Output every line below exactly, please, omitting pictures.

Segment Start: Supplied information

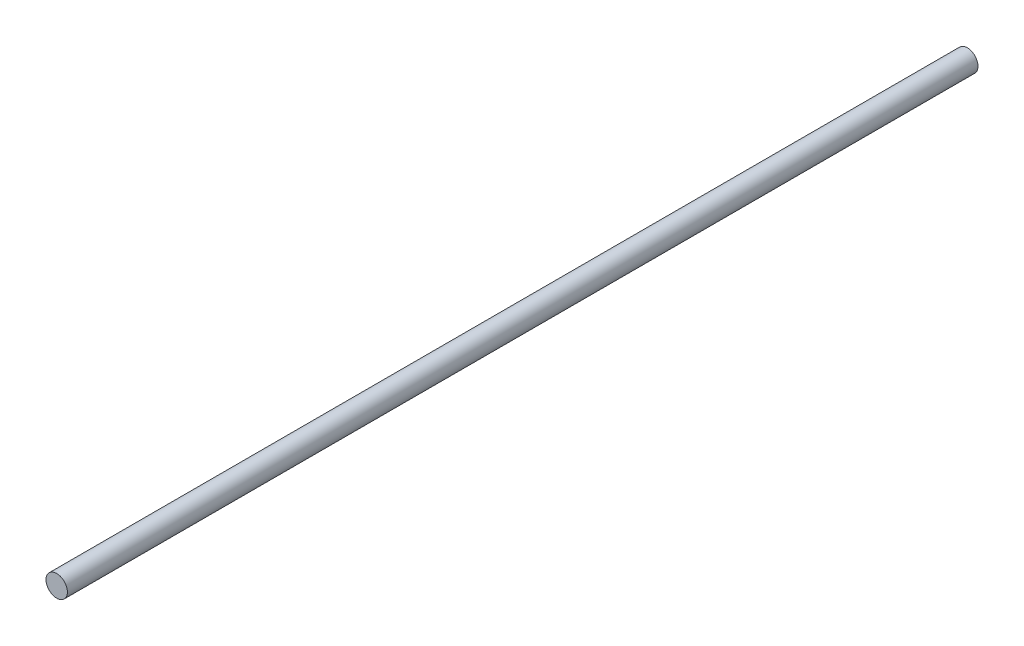
ISO-10303-21;
HEADER;
FILE_DESCRIPTION(('STEP AP214'),'2;1');
FILE_NAME('part.step','',(''),(''),'','','');
FILE_SCHEMA(('AUTOMOTIVE_DESIGN { 1 0 10303 214 1 1 1 1 }'));
ENDSEC;
DATA;
#1=APPLICATION_CONTEXT('core data for automotive mechanical design processes');
#2=APPLICATION_PROTOCOL_DEFINITION('international standard','automotive_design',2000,#1);
#3=PRODUCT_CONTEXT('',#1,'mechanical');
#4=PRODUCT('Part','Part','',(#3));
#5=PRODUCT_RELATED_PRODUCT_CATEGORY('part','',(#4));
#6=PRODUCT_DEFINITION_FORMATION('','',#4);
#7=PRODUCT_DEFINITION_CONTEXT('part definition',#1,'design');
#8=PRODUCT_DEFINITION('design','',#6,#7);
#9=PRODUCT_DEFINITION_SHAPE('','',#8);
#10=(LENGTH_UNIT() NAMED_UNIT(*) SI_UNIT(.MILLI.,.METRE.));
#11=(NAMED_UNIT(*) PLANE_ANGLE_UNIT() SI_UNIT($,.RADIAN.));
#12=(NAMED_UNIT(*) SI_UNIT($,.STERADIAN.) SOLID_ANGLE_UNIT());
#13=UNCERTAINTY_MEASURE_WITH_UNIT(LENGTH_MEASURE(1.E-05),#10,'distance_accuracy_value','');
#14=(GEOMETRIC_REPRESENTATION_CONTEXT(3) GLOBAL_UNCERTAINTY_ASSIGNED_CONTEXT((#13)) GLOBAL_UNIT_ASSIGNED_CONTEXT((#10,
#11,#12)) REPRESENTATION_CONTEXT('',''));
#15=CARTESIAN_POINT('',(0.,0.,0.));
#16=DIRECTION('',(0.,0.,1.));
#17=DIRECTION('',(1.,0.,0.));
#18=AXIS2_PLACEMENT_3D('',#15,#16,#17);
#19=CARTESIAN_POINT('',(0.,0.,212.5));
#20=DIRECTION('',(0.,0.,-1.));
#21=DIRECTION('',(-1.,0.,0.));
#22=AXIS2_PLACEMENT_3D('',#19,#20,#21);
#23=CYLINDRICAL_SURFACE('',#22,5.);
#24=CARTESIAN_POINT('',(0.,0.,212.5));
#25=DIRECTION('',(0.,0.,1.));
#26=DIRECTION('',(1.,0.,0.));
#27=AXIS2_PLACEMENT_3D('',#24,#25,#26);
#28=CIRCLE('',#27,5.);
#29=CARTESIAN_POINT('',(5.,0.,212.5));
#30=VERTEX_POINT('',#29);
#31=EDGE_CURVE('E10',#30,#30,#28,.T.);
#32=ORIENTED_EDGE('',*,*,#31,.F.);
#33=EDGE_LOOP('',(#32));
#34=FACE_BOUND('',#33,.T.);
#35=CARTESIAN_POINT('',(0.,0.,-212.5));
#36=DIRECTION('',(0.,0.,1.));
#37=DIRECTION('',(1.,0.,0.));
#38=AXIS2_PLACEMENT_3D('',#35,#36,#37);
#39=CIRCLE('',#38,5.);
#40=CARTESIAN_POINT('',(5.,0.,-212.5));
#41=VERTEX_POINT('',#40);
#42=EDGE_CURVE('E34',#41,#41,#39,.T.);
#43=ORIENTED_EDGE('',*,*,#42,.T.);
#44=EDGE_LOOP('',(#43));
#45=FACE_BOUND('',#44,.T.);
#46=ADVANCED_FACE('F31',(#34,#45),#23,.T.);
#47=CARTESIAN_POINT('',(0.,0.,212.5));
#48=DIRECTION('',(0.,0.,1.));
#49=DIRECTION('',(1.,0.,0.));
#50=AXIS2_PLACEMENT_3D('',#47,#48,#49);
#51=PLANE('',#50);
#52=ORIENTED_EDGE('',*,*,#31,.T.);
#53=EDGE_LOOP('',(#52));
#54=FACE_BOUND('',#53,.T.);
#55=ADVANCED_FACE('F46',(#54),#51,.T.);
#56=CARTESIAN_POINT('',(0.,0.,-212.5));
#57=DIRECTION('',(0.,0.,1.));
#58=DIRECTION('',(1.,0.,0.));
#59=AXIS2_PLACEMENT_3D('',#56,#57,#58);
#60=PLANE('',#59);
#61=ORIENTED_EDGE('',*,*,#42,.F.);
#62=EDGE_LOOP('',(#61));
#63=FACE_BOUND('',#62,.T.);
#64=ADVANCED_FACE('F44',(#63),#60,.F.);
#65=CLOSED_SHELL('',(#46,#55,#64));
#66=MANIFOLD_SOLID_BREP('B2',#65);
#67=ADVANCED_BREP_SHAPE_REPRESENTATION('',(#18,#66),#14);
#68=SHAPE_DEFINITION_REPRESENTATION(#9,#67);
ENDSEC;
END-ISO-10303-21;

Segment End: Supplied information

_Answer to the exercise_:
ISO-10303-21;
HEADER;
FILE_DESCRIPTION(('STEP AP214'),'2;1');
FILE_NAME('part.step','',(''),(''),'','','');
FILE_SCHEMA(('AUTOMOTIVE_DESIGN { 1 0 10303 214 1 1 1 1 }'));
ENDSEC;
DATA;
#1=APPLICATION_CONTEXT('core data for automotive mechanical design processes');
#2=APPLICATION_PROTOCOL_DEFINITION('international standard','automotive_design',2000,#1);
#3=PRODUCT_CONTEXT('',#1,'mechanical');
#4=PRODUCT('Part','Part','',(#3));
#5=PRODUCT_RELATED_PRODUCT_CATEGORY('part','',(#4));
#6=PRODUCT_DEFINITION_FORMATION('','',#4);
#7=PRODUCT_DEFINITION_CONTEXT('part definition',#1,'design');
#8=PRODUCT_DEFINITION('design','',#6,#7);
#9=PRODUCT_DEFINITION_SHAPE('','',#8);
#10=(LENGTH_UNIT() NAMED_UNIT(*) SI_UNIT(.MILLI.,.METRE.));
#11=(NAMED_UNIT(*) PLANE_ANGLE_UNIT() SI_UNIT($,.RADIAN.));
#12=(NAMED_UNIT(*) SI_UNIT($,.STERADIAN.) SOLID_ANGLE_UNIT());
#13=UNCERTAINTY_MEASURE_WITH_UNIT(LENGTH_MEASURE(1.E-05),#10,'distance_accuracy_value','');
#14=(GEOMETRIC_REPRESENTATION_CONTEXT(3) GLOBAL_UNCERTAINTY_ASSIGNED_CONTEXT((#13)) GLOBAL_UNIT_ASSIGNED_CONTEXT((#10,
#11,#12)) REPRESENTATION_CONTEXT('',''));
#15=CARTESIAN_POINT('',(0.,0.,0.));
#16=DIRECTION('',(0.,0.,1.));
#17=DIRECTION('',(1.,0.,0.));
#18=AXIS2_PLACEMENT_3D('',#15,#16,#17);
#19=CARTESIAN_POINT('',(0.,0.,212.5));
#20=DIRECTION('',(0.,0.,-1.));
#21=DIRECTION('',(-1.,0.,0.));
#22=AXIS2_PLACEMENT_3D('',#19,#20,#21);
#23=CYLINDRICAL_SURFACE('',#22,5.);
#24=CARTESIAN_POINT('',(0.,0.,212.5));
#25=DIRECTION('',(0.,0.,1.));
#26=DIRECTION('',(1.,0.,0.));
#27=AXIS2_PLACEMENT_3D('',#24,#25,#26);
#28=CIRCLE('',#27,5.);
#29=CARTESIAN_POINT('',(5.,0.,212.5));
#30=VERTEX_POINT('',#29);
#31=EDGE_CURVE('E10',#30,#30,#28,.T.);
#32=ORIENTED_EDGE('',*,*,#31,.F.);
#33=EDGE_LOOP('',(#32));
#34=FACE_BOUND('',#33,.T.);
#35=CARTESIAN_POINT('',(0.,0.,-212.5));
#36=DIRECTION('',(0.,0.,1.));
#37=DIRECTION('',(1.,0.,0.));
#38=AXIS2_PLACEMENT_3D('',#35,#36,#37);
#39=CIRCLE('',#38,5.);
#40=CARTESIAN_POINT('',(5.,0.,-212.5));
#41=VERTEX_POINT('',#40);
#42=EDGE_CURVE('E34',#41,#41,#39,.T.);
#43=ORIENTED_EDGE('',*,*,#42,.T.);
#44=EDGE_LOOP('',(#43));
#45=FACE_BOUND('',#44,.T.);
#46=ADVANCED_FACE('F31',(#34,#45),#23,.T.);
#47=CARTESIAN_POINT('',(0.,0.,212.5));
#48=DIRECTION('',(0.,0.,1.));
#49=DIRECTION('',(1.,0.,0.));
#50=AXIS2_PLACEMENT_3D('',#47,#48,#49);
#51=PLANE('',#50);
#52=ORIENTED_EDGE('',*,*,#31,.T.);
#53=EDGE_LOOP('',(#52));
#54=FACE_BOUND('',#53,.T.);
#55=ADVANCED_FACE('F46',(#54),#51,.T.);
#56=CARTESIAN_POINT('',(0.,0.,-212.5));
#57=DIRECTION('',(0.,0.,1.));
#58=DIRECTION('',(1.,0.,0.));
#59=AXIS2_PLACEMENT_3D('',#56,#57,#58);
#60=PLANE('',#59);
#61=ORIENTED_EDGE('',*,*,#42,.F.);
#62=EDGE_LOOP('',(#61));
#63=FACE_BOUND('',#62,.T.);
#64=ADVANCED_FACE('F44',(#63),#60,.F.);
#65=CLOSED_SHELL('',(#46,#55,#64));
#66=MANIFOLD_SOLID_BREP('B2',#65);
#67=ADVANCED_BREP_SHAPE_REPRESENTATION('',(#18,#66),#14);
#68=SHAPE_DEFINITION_REPRESENTATION(#9,#67);
ENDSEC;
END-ISO-10303-21;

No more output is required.